Each share of Series A preferred stock will be initially convertible into that number of shares of common stock equal to the purchase price of the Series A preferred stock divided by the conversion price of the Series A preferred stock, which is initially equal to $0.33. Each share of Series A preferred stock will automatically convert to shares of common stock upon the fifth day of trading following the announcement of stockholder approval of the first reverse stock split following the offering, subject to certain beneficial ownership limitations. Each share of Series A preferred will be entitled to vote together with the common stock on an as-converted basis, subject to certain limitations, without regard to the beneficial ownership limitation, until such time that the shares of Series A preferred stock automatically convert to common stock. Following the automatic conversion described above, the Series A preferred stock will be non-voting.
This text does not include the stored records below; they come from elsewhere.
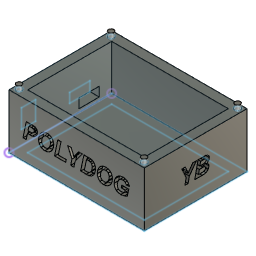
Boitier Arduino v1 (Autodesk Fusion 360 design; units mm, degrees)
Autodesk Fusion 360 part; units mm, degrees
sketch "Esquisse1" plane through (0, 0, 0) normal (0, 0, 1) x (1, 0, 0)
  line L0 (-46.7984, 35.5123) -> (40.2016, 35.5123)
  line L1 (40.2016, 35.5123) -> (40.2016, -30.4877)
  line L2 (40.2016, -30.4877) -> (-46.7984, -30.4877)
  line L3 (-46.7984, -30.4877) -> (-46.7984, 35.5123)
  line L4 (-40.7984, -24.4877) -> (-40.7984, 29.5123)
  line L5 (-40.7984, 29.5123) -> (34.2016, 29.5123)
  line L6 (34.2016, 29.5123) -> (34.2016, -24.4877)
  line L7 (34.2016, -24.4877) -> (-40.7984, -24.4877)
  dimension "d1" = 6
  dimension "d10" = 87
  dimension "d11" = 66
  constraint horizontal L0
  constraint vertical L1
  constraint horizontal L2
  constraint vertical L3
  measures "d10" distance of L1 L3
  measures "d11" distance of L0 L2
extrude "Extrusion1" add sketch "Esquisse1" along normal blind 6 contours L4 L5 L6 L7
extrude "Extrusion2" add sketch "Esquisse1" along normal blind 35
sketch "Esquisse2" plane through (-46.7984, 0, 0) normal (-1, 0, 0) x (0, -1, 0)
  line L0 (-35.5123, 0) -> (30.4877, 0)
  line L1 (30.4877, 0) -> (30.4877, 35)
  line L2 (30.4877, 35) -> (-35.5123, 35)
  line L3 (-35.5123, 35) -> (-35.5123, 0)
  line L4 (-21.5123, 14.024) -> (-8.5123, 14.024)
  line L5 (-8.5123, 14.024) -> (-8.5123, 8)
  line L6 (-8.5123, 8) -> (-21.5123, 8)
  line L7 (-21.5123, 8) -> (-21.5123, 14.024)
  line L8 (13.4517, 21) -> (22.4877, 21)
  line L9 (22.4877, 21) -> (22.4877, 9)
  line L10 (22.4877, 9) -> (13.4517, 9)
  line L11 (13.4517, 9) -> (13.4517, 21)
  line L12 (30.4877, 0) -> (-35.5123, 0)
  constraint horizontal L4
  constraint vertical L5
  constraint horizontal L6
  constraint vertical L7
  constraint horizontal L8
  constraint vertical L9
  constraint horizontal L10
  constraint vertical L11
extrude "Extrusion3" cut sketch "Esquisse2" against normal blind 10 contours L4 L5 L6 L7 | L8 L9 L10 L11
sketch "Esquisse3" plane through (0, 0, 35) normal (0, 0, 1) x (-1, 0, 0)
  line L0 (-34.2016, -29.5123) -> (-34.2016, 24.4877)
  line L1 (-34.2016, 24.4877) -> (40.7984, 24.4877)
  line L2 (40.7984, 24.4877) -> (40.7984, -29.5123)
  line L3 (40.7984, -29.5123) -> (-34.2016, -29.5123)
  line L4 (46.7984, 30.4877) -> (-40.2016, 30.4877)
  line L5 (-40.2016, 30.4877) -> (-40.2016, -35.5123)
  line L6 (-40.2016, -35.5123) -> (46.7984, -35.5123)
  line L7 (46.7984, -35.5123) -> (46.7984, 30.4877)
  circle A0 centre (43.7129, -32.1036) radius 1.75
  circle A1 centre (43.8897, 26.9398) radius 1.75
  circle A2 centre (-37.0739, -32.6339) radius 1.75
  circle A3 centre (-37.0739, 27.4701) radius 1.75
extrude "Extrusion4" add sketch "Esquisse3" along normal blind 3 contours A0 | A1 | A2 | A3
sketch "Esquisse4" plane through (0, -30.4877, 0) normal (0, -1, 0) x (1, 0, 0)
  line L0 (-46.7984, 0) -> (40.2016, 0)
  line L1 (40.2016, 0) -> (40.2016, 35)
  line L2 (40.2016, 35) -> (-46.7984, 35)
  line L3 (-46.7984, 35) -> (-46.7984, 0)
  line L4 (-44.8974, 2.3418) -> (37.6572, 2.3418) construction
  line L5 (37.6572, 2.3418) -> (37.6572, 33.2792) construction
  line L6 (37.6572, 33.2792) -> (-44.8974, 33.2792) construction
  line L7 (-44.8974, 33.2792) -> (-44.8974, 2.3418) construction
  dimension "d33" = 10
  text T0 "POLYDOG" font "Arial" height 10 bold italic align centre middle in box 82.5546 x 30.9374 at (-44.8974, 2.3418) x (1, 0) y (0, 1) spacing 1 kerned
extrude "Extrusion5" cut sketch "Esquisse4" against normal blind 3 text T0
sketch "Esquisse5" plane through (40.2016, 0, 0) normal (1, 0, 0) x (0, 1, 0)
  line L0 (-30.4877, 0) -> (35.5123, 0)
  line L1 (35.5123, 0) -> (35.5123, 35)
  line L2 (35.5123, 35) -> (-30.4877, 35)
  line L3 (-30.4877, 35) -> (-30.4877, 0)
  line L4 (-28.8013, 1.1722) -> (33.7776, 1.1722) construction
  line L5 (33.7776, 1.1722) -> (33.7776, 33.3455) construction
  line L6 (33.7776, 33.3455) -> (-28.8013, 33.3455) construction
  line L7 (-28.8013, 33.3455) -> (-28.8013, 1.1722) construction
  dimension "d36" = 10
  text T0 "YB" font "Arial" height 10 bold italic align centre middle in box 62.5789 x 32.1733 at (-28.8013, 1.1722) x (1, 0) y (0, 1) spacing 1 kerned
extrude "Extrusion6" cut sketch "Esquisse5" against normal blind 3 text T0
equation "d1 = epaisseur"
equation "d2 = epaisseur"
equation "d4 = hauteur"
equation "longueur = 87 mm"
equation "largeur = 66 mm"
equation "hauteur = 35 mm"
equation "epaisseur = 6 mm"
equation "d10 = longueur"
equation "d11 = largeur"
equation "h1 = 6.024 mm"
equation "l1 = 13 mm"
equation "h2 = 12 mm"
equation "l2 = 9.036 mm"
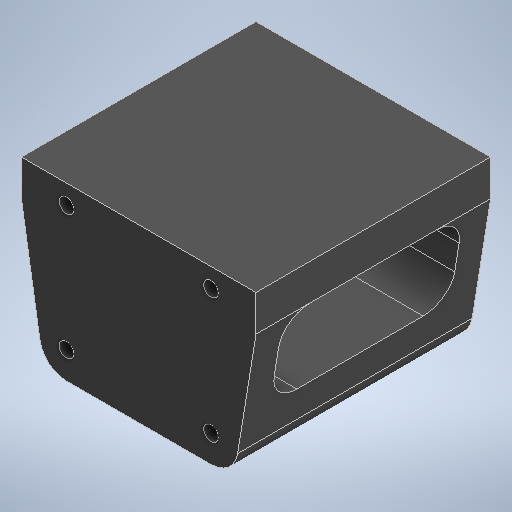
# Autodesk Inventor part: arm_middle
Saved by Autodesk Inventor 2026.1 (Build 301233020, 233B)
## iProperties
Created: 2024-02-14
Part Number: arm_middle
Material: 一般
Document SubType Name: Modeling
Designer: hibik
Density: 1 g/cm^3
Appearance: 既定
Author: hibik
Autodesk Inventor part; units mm, degrees
ref_plane "YZ Plane" through (0, 0, 0) normal (1, 0, 0) x (0, 1, 0)
ref_plane "XZ Plane" through (0, 0, 0) normal (0, 1, 0) x (-1, 0, 0)
ref_plane "XY Plane" through (0, 0, 0) normal (0, 0, 1) x (1, 0, 0)
sketch "スケッチ3" plane through (0, 0, 0) normal (1, 0, 0) x (0, 1, 0)
  line L0 (0, 0) -> (4, 0)
  line L1 (4, 0) -> (4, -26)
  line L2 (4, -26) -> (0, -26)
  line L3 (0, -26) -> (0, 0)
  line L4 (4, 0) -> (0, 0)
  line L5 (0, 0) -> (0, -26)
  line L6 (0, -26) -> (4, -26)
  line L7 (4, -26) -> (4, 0)
  line L8 (0, 0) -> (-15, 0)
  line L9 (-15, 0) -> (-15, -26)
  line L10 (-15, -26) -> (0, -26)
  line L11 (0, -26) -> (0, 0)
  dimension "d3" = 26
  dimension "d4" = 4
  dimension "d49" = 15
  constraints: 24 end point, 6 parallel, 3 horizontal, 3 perpendicular, 2 collinear, 1 point on line
  measures "d3" distance of L0.end L1.end
  measures "d4" distance between parallel lines of L1 L5
  measures "d49" distance of L4.end L8.end
extrude "押し出し2" add sketch "スケッチ3" along normal blind 26
sketch "スケッチ11" plane through (0, -15, 0) normal (0, 0, 1) x (1, 0, 0)
  circle A0 centre (5, 16.8437) radius 0.8 projected
  circle A1 centre (21, 16.8437) radius 0.8 projected
  point P0 (0, 15)
extrude "押し出し11" cut sketch "スケッチ11" against normal through all
sketch "スケッチ12" plane through (26, 0, 0) normal (1, 0, 0) x (0, 0, -1)
  line L0 (0, 4) -> (0, -15) projected
  line L1 (3, 0) -> (3, -9)
  line L2 (3, -9) -> (23, -9)
  line L3 (23, -9) -> (23, 0)
  line L4 (3, 0) -> (23, 0)
  line L5 (26, 4) -> (0, 4) projected
  line L6 (0, -15) -> (26, -15) projected
  point P0 (0, 0)
  point P1 (0, -0.1563)
  point P2 (13, 4)
  point P3 (13, 0)
  dimension "d62" = 3
  dimension "d63" = 6
  constraints: 8 end point, 2 horizontal, 2 midpoint, 2 point on line, 2 vertical, 1 vertical alignment
  measures "d62" distance from line of L0 L1.start
  measures "d63" distance between parallel lines of L6 L2
extrude "押し出し12" cut sketch "スケッチ12" against normal through all
fillet "フィレット1" radius 3 4 edges at (13, 0, -23) (13, 0, -3) (13, -9, -23) (13, -9, -3)
sketch "スケッチ13" plane through (0, -15, 0) normal (0, 0, 1) x (1, 0, 0)
  line L0 (0, 15) -> (2.4503, 0)
  line L1 (0, 0) -> (26, 0) projected
  line L2 (26, 12) -> (26, 15) projected
  line L3 (26, 15) -> (23.5494, -0.0019)
  circle A0 centre (5, 3) radius 3
  circle A1 centre (21, 3) radius 3
  line L4 (0, 0) -> (26, 0) projected
  line L5 (0, 19) -> (26, 19) projected
  line L6 (13, 19) -> (13, 0)
  circle A2 centre (5, 3) radius 0.8
  circle A3 centre (21, 3) radius 0.8
  circle A4 centre (5, 16.8437) radius 0.8 projected
  circle A5 centre (21, 16.8437) radius 0.8 projected
  line L7 (0, 19) -> (0, 0) projected
  line L8 (0, 0) -> (26, 0) projected
  line L9 (26, 19) -> (26, 0) projected
  line L10 (0, 19) -> (26, 19) projected
  point P0 (5, 0)
  point P1 (2.0392, 2.5164)
  point P2 (23.9608, 2.5164)
  point P3 (21, 0)
  dimension "d64" = 16
  dimension "d65" = 6
  dimension "d66" = 1.6
  dimension "d67" = 1.6
  constraints: 6 end point, 4 centre point, 2 coincident, 2 tangent, 1 equal radius, 1 midpoint, 1 point on line, 5 other
  measures "d64" distance of A1.centre A0.centre
  measures "d65" diameter of A0
  measures "d66" diameter of A2
  measures "d67" diameter of A3
extrude "押し出し13" cut sketch "スケッチ13" against normal through all contours L0 L1 L7 | A0 L1 L0 | A1 L3 L1 | L2 L9 L1 L3 | A2 | A3

Each Series A and Series B warrant will have an exercise price equal to $0.33 per underlying share of common stock, and will become exercisable following stockholder approval of an increase in authorized common stock sufficient to allow for the exercise of the warrants, subject to certain beneficial ownership limitations. The Series A warrants will expire five years from the date they first become exercisable and the Series B warrants will expire on the 75th day anniversary following the announcement of top-line date from Sierra Oncology’s planned Phase 3 clinical trial of momelotinib.
Shortly following the closing of the offering, Sierra Oncology expects to appoint four new directors who are affiliated with Vivo Capital, Longitude Capital, OrbiMed and Abingworth, each of which is an investor in this offering. Following such appointments, Sierra expects its board of directors will continue to consist of eight directors.
Jefferies is acting as the sole book-running manager for the offering. Oppenheimer & Co. is acting as lead manager for the offering.
The securities described above are being offered by Sierra Oncology pursuant to a registration statement on Form S-3 (File No. 333-225650) that was declared effective by the Securities and Exchange Commission ("SEC") on June 21, 2018. A prospectus supplement and an accompanying prospectus relating to the offering will be filed with the SEC and will be available on the SEC’s web site at www.sec.gov. Copies of the prospectus supplement and the accompanying prospectus relating to this offering may be obtained, when available, by contacting Jefferies LLC, Attention: Equity Syndicate Prospectus Department, 520 Madison Avenue, 2nd Floor, New York, NY 10022, or by telephone at (877) 821-7388, or by email at [email protected].
This press release shall not constitute an offer to sell, or a solicitation of an offer to buy, nor shall there be any sale of these securities in any state or jurisdiction in which such an offer, solicitation or sale would be unlawful prior to registration or qualification under the securities laws of any such state or jurisdiction.